The program also produced videos on its website to demonstrate how to use the kit and established a 24‐hour hotline for counselling about the HIVST. A flyer containing the list of designated clinics/hospitals list for confirmatory HIV diagnosis was included in the kit package. Clients paid 7 US dollars (200 NT dollars) to obtain the kit. Test results could be obtained in 20 minutes. When clients logged their test results and the kit's photo barcode on the website or went to an HIV/AIDS‐designated clinic/hospital and showed the kit's barcode, they received full monetary reimbursement. If the result was logged as positive, the webpage would automatically pop up an offer for assistance. When clients chose to log their contact information, it would send the notification to case managers so that they could contact clients to schedule an appointment. The 2017 program established an online consumer survey to invite the clients who logged their test results to fill out survey.
Most facility‐based sites were local health stations around the country and gay health centres in major cities, while others were pharmacies and gay‐friendly stores. The vending machines were located at sites popular with the MSM population, including saunas and gay health centres. Chain convenience stores have provided pay‐at‐pickup services for the past 15 years in Taiwan. Clients can access the TCDC website (https://hiva.cdc.gov.tw/oraltest) to log a nickname, mobile phone number and designate which store to pick up the kit.
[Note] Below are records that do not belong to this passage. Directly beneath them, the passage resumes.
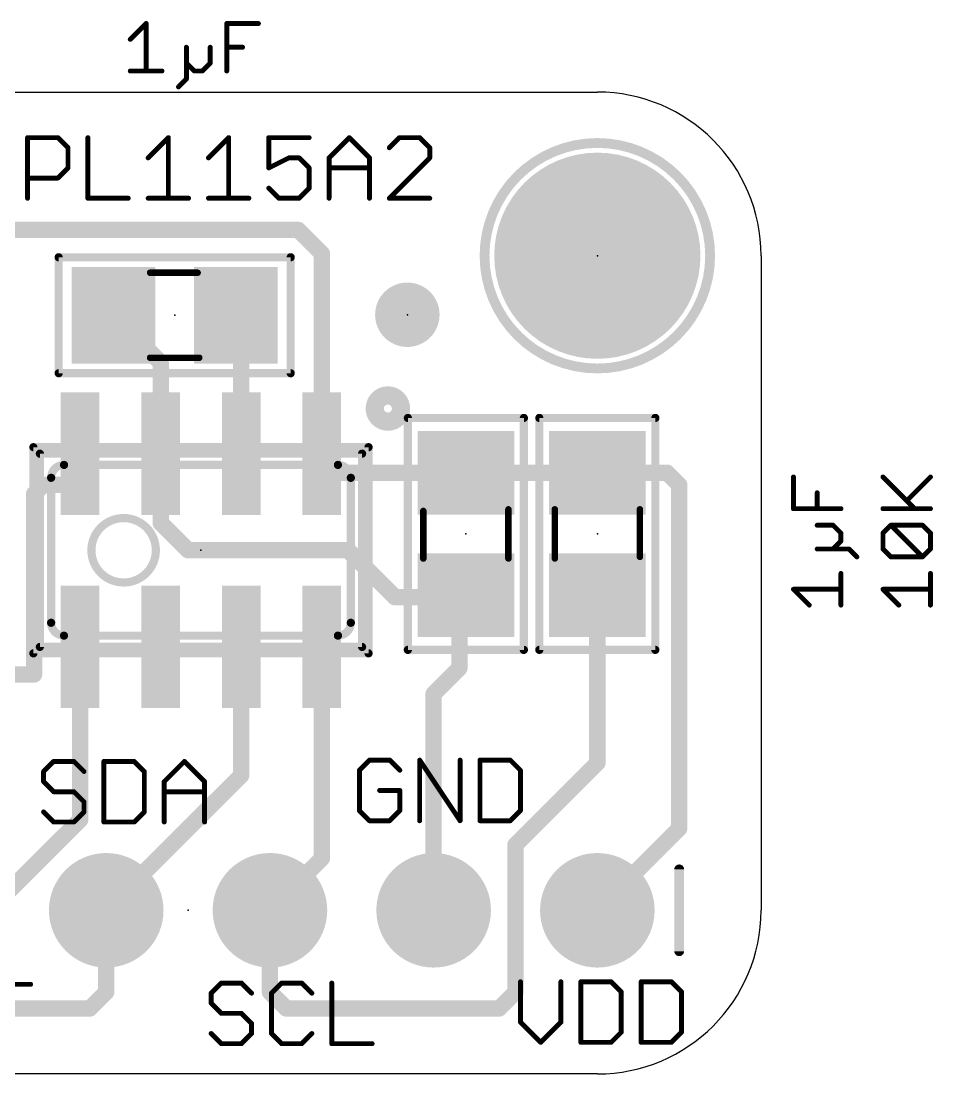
# Model space of a CAD drawing. Extents: x -3.5 to 20.4, y 0 to 16.3.
# Drawn here: x 6.3 to 20.45, y 0 to 16.34 of the extents above; entities that cross this region are included whole.
import ezdxf

# ---------------------------------------------------------------- set-up
doc = ezdxf.new("R2010")
doc.units = 0
for name, color, linetype in [('1', 12, 'CONTINUOUS'), ('17', 110, 'CONTINUOUS'), ('20', 53, 'CONTINUOUS'), ('21', 40, 'CONTINUOUS'), ('23', 53, 'CONTINUOUS'), ('27', 253, 'CONTINUOUS'), ('51', 253, 'CONTINUOUS')]:
    doc.layers.add(name, color=color, linetype=linetype)

# ---------------------------------------------------------------- blocks, each defined once
blk = doc.blocks.new('RECT')
blk.add_solid([(-0.5, -0.5), (0.5, -0.5), (-0.5, 0.5), (0.5, 0.5)])
blk = doc.blocks.new('PIE')
at = {"const_width": 0.5}
blk.add_lwpolyline([(0, -0.25, 1), (0, 0.25, 1), (0, -0.25)], format="xyb", dxfattribs=at)
blk = doc.blocks.new('ROUNDP')
at = {"const_width": 0.5}
blk.add_lwpolyline([(0, -0.25, 1), (0, 0.25, 1), (0, -0.25)], format="xyb", dxfattribs=at)

msp = doc.modelspace()

# ---------------------------------------------------------------- linework, layer by layer
at = {"layer": '1', "const_width": 0.254}
for points in [[(10.6, 13.1), (5.9, 13.1)], [(10.965, 12.735), (10.6, 13.1)], [(10.965, 9.628), (10.965, 12.735)], [(8.465, 11.043), (7.732, 11.776)], [(9.715, 11.693), (9.632, 11.776)], [(9.715, 9.628), (9.715, 11.693)], [(8.465, 9.628), (8.465, 11.043)], [(7.215, 9.36), (7.215, 9.628)], [(8.465, 8.553), (8.465, 9.628)], [(10.965, 9.628), (11.261, 9.332)], [(6.999, 9.144), (7.215, 9.36)], [(11.261, 9.332), (13.2, 9.332)], [(13.2, 9.332), (15.24, 9.332)], [(15.24, 9.332), (16.322, 9.332)], [(16.322, 9.332), (16.51, 9.144)], [(6.644, 9.144), (6.5, 9)], [(6.999, 9.144), (6.644, 9.144)], [(16.51, 9.144), (16.51, 3.81)], [(6.5, 9), (6.5, 6.2)], [(8.465, 8.553), (8.89, 8.128)], [(8.89, 8.128), (11.372, 8.128)], [(11.372, 8.128), (12.1, 7.4)], [(12.1, 7.4), (13.168, 7.4)], [(13.1, 7.332), (13.2, 7.432)], [(13.168, 7.4), (13.2, 7.432)], [(15.24, 7.432), (15.24, 4.826)], [(13.1, 6.3), (13.1, 7.332)], [(7.215, 6.628), (7.215, 3.945)], [(9.715, 6.628), (9.715, 4.635)], [(10.965, 6.628), (10.965, 3.345)], [(12.7, 5.9), (13.1, 6.3)], [(6.5, 6.2), (5.3, 6.2)], [(12.7, 2.54), (12.7, 5.9)], [(15.24, 4.826), (13.97, 3.556)], [(9.715, 4.635), (7.62, 2.54)], [(7.215, 3.945), (5.81, 2.54)], [(16.51, 3.81), (15.24, 2.54)], [(13.97, 3.556), (13.97, 1.27)], [(10.965, 3.345), (10.765, 3.145)], [(10.765, 3.145), (10.16, 2.54)], [(7.62, 2.54), (7.62, 1.27)], [(10.16, 1.27), (10.16, 2.54)], [(7.62, 1.27), (7.366, 1.016)], [(10.414, 1.016), (10.16, 1.27)], [(13.97, 1.27), (13.716, 1.016)], [(7.366, 1.016), (1.524, 1.016)], [(13.716, 1.016), (10.414, 1.016)]]:
    msp.add_lwpolyline(points, dxfattribs=at)
at = {"layer": '1', "const_width": 0.127}
for points in [[(10.6449, 13.1449, 1), (10.5551, 13.0551)], [(10.6, 13.0365, 1), (10.6, 13.1635)], [(11.0285, 12.735, 1), (10.9015, 12.735)], [(10.9201, 12.6901, 1), (11.0099, 12.7799)], [(7.7769, 11.8209, 1), (7.6871, 11.7311)], [(9.6769, 11.8209, 1), (9.5871, 11.7311)], [(9.7785, 11.693, 1), (9.6515, 11.693)], [(9.6701, 11.6481, 1), (9.7599, 11.7379)], [(8.5285, 11.043, 1), (8.4015, 11.043)], [(8.4201, 10.9981, 1), (8.5099, 11.0879)], [(7.2785, 9.628, 1), (7.1515, 9.628)], [(8.5285, 9.628, 1), (8.4015, 9.628)], [(8.4015, 9.628, 1), (8.5285, 9.628)], [(9.6515, 9.628, 1), (9.7785, 9.628)], [(11.0099, 9.6729, 1), (10.9201, 9.5831)], [(10.9015, 9.628, 1), (11.0285, 9.628)], [(7.2599, 9.3151, 1), (7.1701, 9.4049)], [(7.1515, 9.36, 1), (7.2785, 9.36)], [(11.261, 9.3955, 1), (11.261, 9.2685)], [(11.2161, 9.2871, 1), (11.3059, 9.3769)], [(13.2, 9.3955, 1), (13.2, 9.2685)], [(13.2, 9.2685, 1), (13.2, 9.3955)], [(15.24, 9.3955, 1), (15.24, 9.2685)], [(15.24, 9.2685, 1), (15.24, 9.3955)], [(16.3669, 9.3769, 1), (16.2771, 9.2871)], [(16.322, 9.2685, 1), (16.322, 9.3955)], [(6.644, 9.2075, 1), (6.644, 9.0805)], [(6.6889, 9.0991, 1), (6.5991, 9.1889)], [(6.9541, 9.1889, 1), (7.0439, 9.0991)], [(6.999, 9.0805, 1), (6.999, 9.2075)], [(16.5735, 9.144, 1), (16.4465, 9.144)], [(16.4651, 9.0991, 1), (16.5549, 9.1889)], [(6.5635, 9, 1), (6.4365, 9)], [(6.4551, 9.0449, 1), (6.5449, 8.9551)], [(8.5099, 8.5979, 1), (8.4201, 8.5081)], [(8.4015, 8.553, 1), (8.5285, 8.553)], [(8.89, 8.1915, 1), (8.89, 8.0645)], [(8.8451, 8.0831, 1), (8.9349, 8.1729)], [(11.4169, 8.1729, 1), (11.3271, 8.0831)], [(11.372, 8.0645, 1), (11.372, 8.1915)], [(12.1, 7.4635, 1), (12.1, 7.3365)], [(13.2449, 7.3871, 1), (13.1551, 7.4769)], [(13.2449, 7.3871, 1), (13.1551, 7.4769)], [(13.168, 7.3365, 1), (13.168, 7.4635)], [(15.3035, 7.432, 1), (15.1765, 7.432)], [(12.0551, 7.3551, 1), (12.1449, 7.4449)], [(13.1635, 7.332, 1), (13.0365, 7.332)], [(13.0551, 7.3769, 1), (13.1449, 7.2871)], [(13.1231, 7.4449, 1), (13.2129, 7.3551)], [(7.2785, 6.628, 1), (7.1515, 6.628)], [(9.7785, 6.628, 1), (9.6515, 6.628)], [(11.0285, 6.628, 1), (10.9015, 6.628)], [(13.1449, 6.2551, 1), (13.0551, 6.3449)], [(6.4365, 6.2, 1), (6.5635, 6.2)], [(6.5, 6.1365, 1), (6.5, 6.2635)], [(13.0365, 6.3, 1), (13.1635, 6.3)], [(12.7635, 5.9, 1), (12.6365, 5.9)], [(12.6551, 5.9449, 1), (12.7449, 5.8551)], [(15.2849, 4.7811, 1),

After the kit package was delivered to the designated store, a text message notified the client. At the counter of convenience stores, clients provided the clerk the last three digits of their cellphone number and paid the equivalent of 8 US dollars plus the delivery fee to obtain a kit.
2.3. Participants and sources of data
The ITS analysis included data from the HIV/AIDS reporting/case management system. The HIVST‐positive cohort was recruited according to the kit barcodes that clients provided or the results in two databases (HIV reporting system and HIV logistics management system) linked by phone number. The TCDC set up an HIVST logistics management system; each kit had a unique barcode for monitoring the HIVST programs because of anonymous purchasing.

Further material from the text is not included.